Java 3D is a high performance 3D graphics library built on OpenGL and Direct3D using Java from Sun Microsystems. This simplifies 3D graphics application development by providing a high level programming interface which is compatible with standard monitors, head – mounted displays and stereo viewing devices. This allows developers to focus on what to draw and not how to draw.

3D computer graphics is the displayed representation of a scene or an object that appears to have three axes of reference: Width, Height and Depth which is x, y and z in Cartesian Space.

Graphics are used for a wide range of applications including architecture, computer aided chemistry, medical imaging, computer aided engineering, movies and games.

Background:

After completing 9 different experiments in Java covering Scene Graphs, Conditional Rendering, Geometry, Appearance, Lighting , Backgrounds and Motion I was ready to produce this galaxy. I have understood the underlying concepts of 3D computer graphics and am able to create 3D content using specialized programming libraries.

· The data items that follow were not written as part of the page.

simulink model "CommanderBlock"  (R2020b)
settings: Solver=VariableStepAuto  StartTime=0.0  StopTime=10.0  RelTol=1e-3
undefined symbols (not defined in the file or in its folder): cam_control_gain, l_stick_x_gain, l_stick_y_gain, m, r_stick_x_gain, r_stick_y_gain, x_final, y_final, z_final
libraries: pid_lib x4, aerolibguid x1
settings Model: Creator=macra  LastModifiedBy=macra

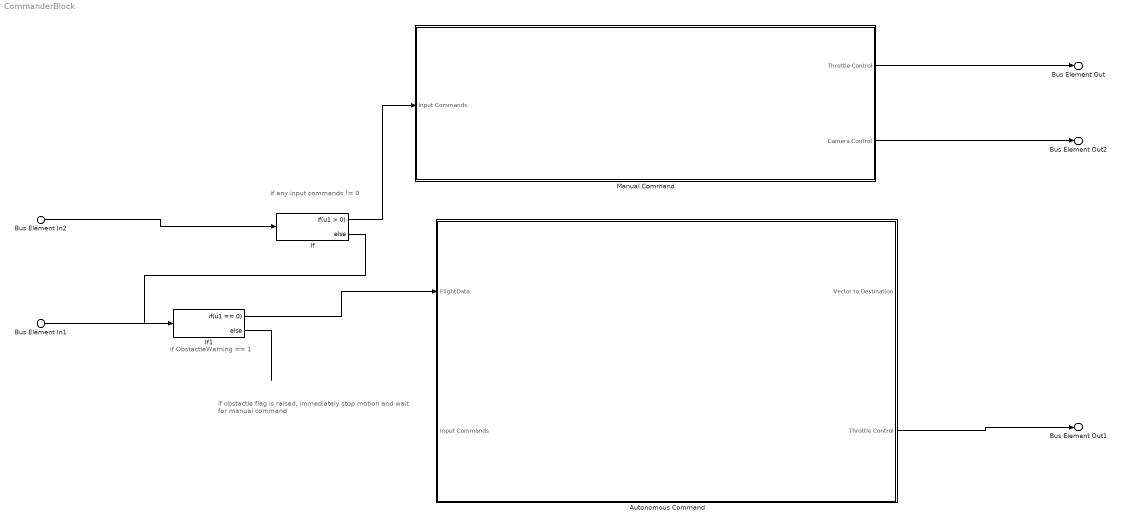
== system CommanderBlock ==
  note: if ObstactleWarning == 1
  note: if any input commands != 0
  note: if obstactle flag is raised,
      | immediately stop motion and wait for manual command
  Bus Element In2 : Inport  PortName=Input Commands
  Bus Element In1 : Inport  Port=2  PortName=Flight Data
  Autonomous Command : Subsystem
  If : If
  If1 : If  IfExpression=u1 == 0
  Manual Command : Subsystem
  Bus Element Out : Outport  PortName=Throttle Control  Element=signal1
  Bus Element Out1 : Outport  PortName=Throttle Control  Element=signal2
  Bus Element Out2 : Outport  Port=2  PortName=Camera Control  Element=signal1
  wires:
  Bus Element In2/1 -> If/1
  If/1 -> Manual Command/1(Input Commands)
  If1/1 -> Autonomous Command/1(FlightData)
  If1/2 -> ?
  Bus Element In1/1 -> If1/1
  Manual Command/1(Throttle Control) -> Bus Element Out/1
  Autonomous Command/2(Throttle Control) -> Bus Element Out1/1
  Manual Command/2(Camera Control) -> Bus Element Out2/1
  If/2 -> ?

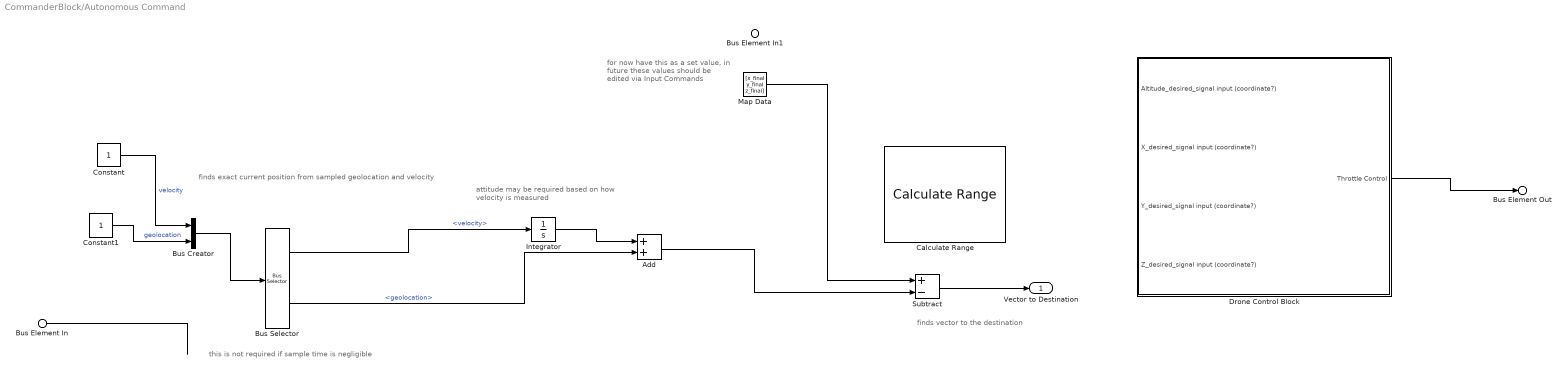
== system CommanderBlock/Autonomous Command ==
  note: finds vector to the destination
  note: finds exact current position from sampled geolocation and velocity
  note: this is not required if sample time is negligible
  note: attitude may be required based on how
      | velocity is measured
  note: for now have this as a set value,
      | in future these values should be
      | edited via Input Commands
  Bus Element In : Inport  PortName=FlightData
  Bus Element In1 : Inport  Port=2  PortName=Input Commands
  Add : Sum
  Bus Creator : BusCreator  Inputs=2
  Bus Selector : BusSelector  OutputSignals=velocity,geolocation
  Calculate Range : aerolibguid/Calculate Range
      settings: SourceProductBaseCode=AE
  Constant : Constant
  Constant1 : Constant
  Drone Control Block : Subsystem
  Integrator : Integrator
  Map Data : Constant  Value=[x_final y_final z_final]
  Subtract : Sum  Inputs=+-
  Vector to Destination : Outport
  Bus Element Out : Outport  Port=2  PortName=Throttle Control  Element=signal1
  wires:
  Constant/1 -> Bus Creator/1  "velocity"
  Bus Creator/1 -> Bus Selector/1
  Bus Selector/1 -> Integrator/1  "<velocity>"
  Constant1/1 -> Bus Creator/2  "geolocation"
  Bus Selector/2 -> Add/2  "<geolocation>"
  Integrator/1 -> Add/1
  Bus Element In/1 -> ?
  Subtract/1 -> Vector to Destination/1
  Add/1 -> Subtract/2
  Drone Control Block/1(Throttle Control) -> Bus Element Out/1
  Map Data/1 -> Subtract/1

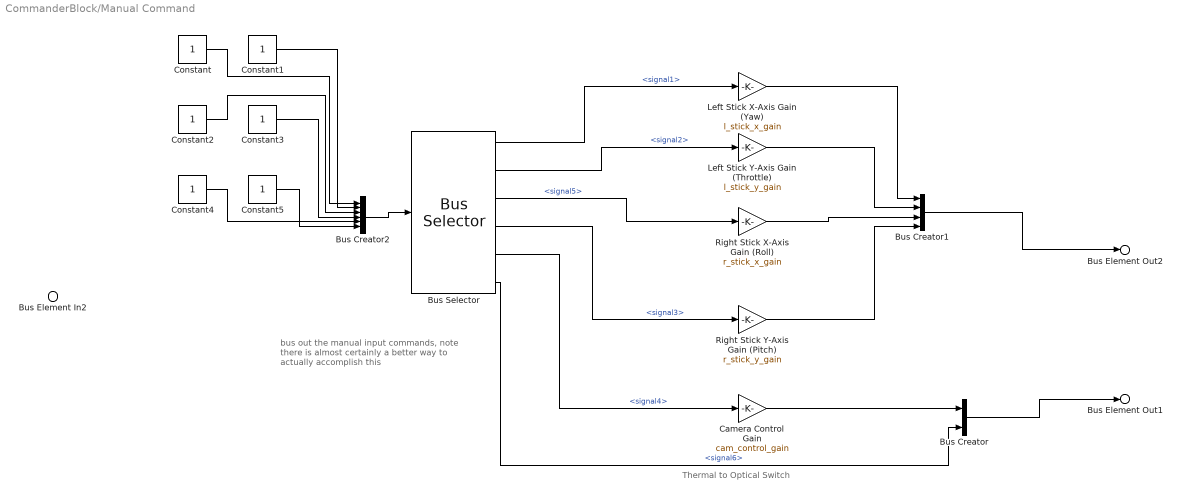
== system CommanderBlock/Manual Command ==
  note: Thermal to Optical Switch
  note: bus out the manual input commands,
      | note there is almost certainly a better way
      | to actually accomplish this
  Bus Element In2 : Inport  PortName=Input Commands
  Bus Creator : BusCreator  Inputs=2
  Bus Creator1 : BusCreator  Inputs=4
  Bus Creator2 : BusCreator  Inputs=6
  Bus Selector : BusSelector  OutputSignals=signal1,signal2,signal5,signal3,signal4,signal6
  Camera Control Gain : Gain  Gain=cam_control_gain
  Constant{,1..5} (6 alike) : Constant
  Left Stick X-Axis Gain (Yaw) : Gain  Gain=l_stick_x_gain
  Left Stick Y-Axis Gain (Throttle) : Gain  Gain=l_stick_y_gain
  Right Stick X-Axis Gain (Roll) : Gain  Gain=r_stick_x_gain
  Right Stick Y-Axis Gain (Pitch) : Gain  Gain=r_stick_y_gain
  Bus Element Out2 : Outport  PortName=Throttle Control
  Bus Element Out1 : Outport  Port=2  PortName=Camera Control
  wires:
  Constant4/1 -> Bus Creator2/5
  Constant5/1 -> Bus Creator2/6
  Bus Creator1/1 -> Bus Element Out2/1
  Bus Selector/6 -> Bus Creator/2  "<signal6>"
  Constant/1 -> Bus Creator2/1
  Constant3/1 -> Bus Creator2/4
  Right Stick Y-Axis Gain (Pitch)/1 -> Bus Creator1/4
  Bus Selector/3 -> Right Stick X-Axis Gain (Roll)/1  "<signal5>"
  Left Stick Y-Axis Gain (Throttle)/1 -> Bus Creator1/2
  Bus Selector/4 -> Right Stick Y-Axis Gain (Pitch)/1  "<signal3>"
  Bus Selector/1 -> Left Stick X-Axis Gain (Yaw)/1  "<signal1>"
  Constant1/1 -> Bus Creator2/2
  Bus Creator2/1 -> Bus Selector/1
  Bus Selector/5 -> Camera Control Gain/1  "<signal4>"
  Bus Creator/1 -> Bus Element Out1/1
  Left Stick X-Axis Gain (Yaw)/1 -> Bus Creator1/1
  Right Stick X-Axis Gain (Roll)/1 -> Bus Creator1/3
  Constant2/1 -> Bus Creator2/3
  Bus Selector/2 -> Left Stick Y-Axis Gain (Throttle)/1  "<signal2>"
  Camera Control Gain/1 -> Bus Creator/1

This is the actual data for the planets size, orbit and position in our galaxy. For presentation purposes, it was not possible to implement these values in my galaxy.

Sun:

Our Sun is a normal main-sequence G2 star, one of more than 100 billion stars in our galaxy.

diameter: 1,390,000 km.

mass: 1.989e30 kg

temperature: 5800 K (surface)

15,600,000 K (core)

Mercury:

Mercury is the closest planet to the Sun and the eighth largest. Mercury is slightly smaller in diameter than the moons Ganymede and Titan but more than twice as massive.

orbit: 57,910,000 km (0.38 AU) from Sun

diameter: 4,880 km

mass: 3.30e23 kg

Venus:

Venus is the second planet from the Sun and the sixth largest. Venus’ orbit is the most nearly circular of that of any planet, with an eccentricity of less than 1%.

orbit: 108,200,000 km (0.72 AU) from Sun

diameter: 12,103.6 km

mass: 4.869e24 kg

Earth:

Earth is the third planet from the Sun and the fifth largest:

orbit: 149,600,000 km (1.00 AU) from Sun

diameter: 12,756.3 km

mass: 5.972e24 kg

Mars:

Mars is the fourth planet from the Sun and the seventh largest:

orbit: 227,940,000 km (1.52 AU) from Sun

diameter: 6,794 km

mass: 6.4219e23 kg

Jupiter:

Jupiter is the fifth planet from the Sun and by far the largest. Jupiter is more than twice as massive as all the other planets combined (the mass of Jupiter is 318 times that of Earth).

orbit: 778,330,000 km (5.20 AU) from Sun

diameter: 142,984 km (equatorial)

mass: 1.900e27 kg

Saturn:

Saturn is the sixth planet from the Sun and the second largest:

orbit: 1,429,400,000 km (9.54 AU) from Sun

diameter: 120,536 km (equatorial)

mass: 5.68e26 kg

Uranus:

Uranus is the seventh planet from the Sun and the third largest (by diameter). Uranus is larger in diameter but smaller in mass than Neptune.

orbit: 2,870,990,000 km (19.218 AU) from Sun

diameter: 51,118 km (equatorial)

mass: 8.683e25 kg

Neptune:

Neptune is the eighth planet from the Sun and the fourth largest (by diameter). Neptune is smaller in diameter but larger in mass than Uranus.

orbit: 4,504,000,000 km (30.06 AU) from Sun

diameter: 49,532 km (equatorial)

mass: 1.0247e26 kg

Pluto:

Pluto is the farthest planet from the Sun (usually) and by far the smallest. Pluto is smaller than seven of the solar system’s moons (the Moon, Io, Europa, Ganymede, Callisto, Titan and Triton).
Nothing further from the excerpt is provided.